Lawyers in Alexandria, as well as anecdotal reports from refugees in detention, have repeatedly stated that smugglers have fallen into Egyptian custody many times before, but have been released shortly afterwards.
However, one side note that could complicate the prosecution of smugglers in Egypt is the rumored cooperation between smuggling networks and state actors. An investigation by The Guardian’s Patrick Kingsley reported that Syrian networks in Egypt include someone known as a monassek, or ‘organizer.’ The monassek ferries passengers between a safe house and a boat —making sure security officials don’t disrupt that journey. Depending who you ask, it is either common knowledge or a strongly held suspicion that smugglers are in cahoots with members of Egypt’s security apparatus. The Interior Ministry, some Egyptian fishermen, and even some smugglers deny this. If true, the new migration law would put an end to a loophole that has reportedly existed since Egypt’s 2011 revolution, effectively enabling smuggling networks to operate and flourish without fear of prosecution.

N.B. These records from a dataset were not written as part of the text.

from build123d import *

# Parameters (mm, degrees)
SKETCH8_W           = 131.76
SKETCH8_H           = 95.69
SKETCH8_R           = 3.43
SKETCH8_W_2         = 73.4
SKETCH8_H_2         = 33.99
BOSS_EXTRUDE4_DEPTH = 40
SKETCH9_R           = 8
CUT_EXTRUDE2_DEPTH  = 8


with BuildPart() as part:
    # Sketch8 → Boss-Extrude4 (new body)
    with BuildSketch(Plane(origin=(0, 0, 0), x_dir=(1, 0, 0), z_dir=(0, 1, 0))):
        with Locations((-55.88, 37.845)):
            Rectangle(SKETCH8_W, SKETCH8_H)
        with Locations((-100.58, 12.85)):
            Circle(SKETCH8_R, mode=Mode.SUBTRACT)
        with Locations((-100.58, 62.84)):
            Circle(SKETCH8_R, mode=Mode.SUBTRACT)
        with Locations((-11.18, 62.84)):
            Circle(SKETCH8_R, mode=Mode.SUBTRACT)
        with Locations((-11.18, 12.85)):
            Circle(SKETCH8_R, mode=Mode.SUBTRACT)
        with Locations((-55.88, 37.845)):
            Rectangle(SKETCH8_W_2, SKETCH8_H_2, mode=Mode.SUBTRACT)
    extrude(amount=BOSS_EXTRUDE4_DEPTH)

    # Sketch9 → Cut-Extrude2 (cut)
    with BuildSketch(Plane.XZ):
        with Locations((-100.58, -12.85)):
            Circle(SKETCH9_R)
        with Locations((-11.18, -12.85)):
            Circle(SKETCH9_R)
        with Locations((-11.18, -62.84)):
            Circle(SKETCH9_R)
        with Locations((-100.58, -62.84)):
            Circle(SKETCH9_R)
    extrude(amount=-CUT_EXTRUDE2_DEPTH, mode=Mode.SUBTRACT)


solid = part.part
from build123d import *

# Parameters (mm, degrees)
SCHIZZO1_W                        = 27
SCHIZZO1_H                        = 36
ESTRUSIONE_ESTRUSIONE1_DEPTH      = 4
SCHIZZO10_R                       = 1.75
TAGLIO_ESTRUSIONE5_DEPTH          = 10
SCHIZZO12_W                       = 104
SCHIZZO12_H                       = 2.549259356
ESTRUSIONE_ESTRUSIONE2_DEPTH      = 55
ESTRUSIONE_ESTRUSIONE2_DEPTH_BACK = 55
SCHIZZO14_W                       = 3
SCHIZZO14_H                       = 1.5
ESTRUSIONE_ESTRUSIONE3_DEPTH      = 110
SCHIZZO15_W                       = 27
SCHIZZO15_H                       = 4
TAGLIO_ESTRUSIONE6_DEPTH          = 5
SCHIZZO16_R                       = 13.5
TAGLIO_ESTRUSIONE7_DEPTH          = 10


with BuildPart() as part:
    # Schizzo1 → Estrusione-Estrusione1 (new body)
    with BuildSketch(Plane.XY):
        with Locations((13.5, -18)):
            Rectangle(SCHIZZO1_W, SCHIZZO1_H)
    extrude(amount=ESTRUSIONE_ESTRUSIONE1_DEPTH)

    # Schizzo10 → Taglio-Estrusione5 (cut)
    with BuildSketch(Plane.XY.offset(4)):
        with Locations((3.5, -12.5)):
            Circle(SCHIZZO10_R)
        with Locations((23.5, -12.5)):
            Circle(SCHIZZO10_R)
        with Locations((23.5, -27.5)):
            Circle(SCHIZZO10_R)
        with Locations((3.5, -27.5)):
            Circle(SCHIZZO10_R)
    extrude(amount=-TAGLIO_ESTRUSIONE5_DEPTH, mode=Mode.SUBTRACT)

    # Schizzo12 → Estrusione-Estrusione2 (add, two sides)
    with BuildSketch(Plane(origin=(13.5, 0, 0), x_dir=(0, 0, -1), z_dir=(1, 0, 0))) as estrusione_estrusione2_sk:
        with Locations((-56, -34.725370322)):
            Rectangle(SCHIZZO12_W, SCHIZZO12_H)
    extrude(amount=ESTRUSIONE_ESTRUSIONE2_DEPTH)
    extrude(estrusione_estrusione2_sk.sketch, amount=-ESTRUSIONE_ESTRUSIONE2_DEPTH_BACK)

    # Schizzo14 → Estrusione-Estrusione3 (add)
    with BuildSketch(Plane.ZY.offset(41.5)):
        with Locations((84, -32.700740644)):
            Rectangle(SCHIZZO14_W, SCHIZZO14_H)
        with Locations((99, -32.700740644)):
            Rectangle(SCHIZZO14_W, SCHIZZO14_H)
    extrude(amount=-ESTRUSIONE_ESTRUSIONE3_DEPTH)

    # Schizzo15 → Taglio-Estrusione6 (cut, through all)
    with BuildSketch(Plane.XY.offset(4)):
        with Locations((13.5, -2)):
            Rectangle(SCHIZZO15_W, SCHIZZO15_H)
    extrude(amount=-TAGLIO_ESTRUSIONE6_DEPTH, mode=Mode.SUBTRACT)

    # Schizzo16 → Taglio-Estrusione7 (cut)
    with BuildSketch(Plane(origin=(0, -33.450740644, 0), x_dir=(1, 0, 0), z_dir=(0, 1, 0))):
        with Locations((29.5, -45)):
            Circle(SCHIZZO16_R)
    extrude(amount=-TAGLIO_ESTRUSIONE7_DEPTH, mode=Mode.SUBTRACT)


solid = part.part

Equally important is the fact that under the new law, irregular migrants — refugees, asylum seekers and migrants attempting to reach Europe — would no longer be criminalized under Egyptian law. According to the wording of the legislation, they are regarded as “victims.” As Egyptian officials noted, this brings Egyptian legislation more in line with the country’s international obligations — namely the 2000 Convention against Transnational Organized Crime, which recommends that signatory states “prevent and combat the smuggling of migrants…while protecting the rights of smuggled migrants.” This duality is at the core of the draft law.
At the same time, questions remain about how the impending law would affect Egypt’s use of border control and immigration detention.
At the border, and inside the unpredictable liminal spaces operated by the Egyptian state, refugees, asylum seekers, and migrants are susceptible to rights abuses and extended periods of administrative detention. This can happen anywhere from a police station in Alexandria to other, more difficult-to-access detention facilities, including Qanater Foreigners’ Prison and a transfer center in Marsa Matrouh. Other risks can include forcible deportation or refoulement — namely, the return of a refugee or asylum seeker back to an origin country where there life or freedom may be harmed. A recent Amnesty International report on Syrian refugees, for example, noted that “over the past two years…the situation in Egypt has become increasingly precarious,” sometimes resulting in “arbitrary arrests and detention and, in some cases…forcible deportation to Syria or other neighboring countries in the region.”
And, as Egypt’s 2014 Constitution can attest, sometimes promising legalization does not translate into promising developments on the ground. On paper at least, it seems that the NCCPIM has made notable improvements to Egyptian laws regulating migration. Its next big challenge will be seeing that implemented fairly and consistently — from police station to police station, refugee to refugee.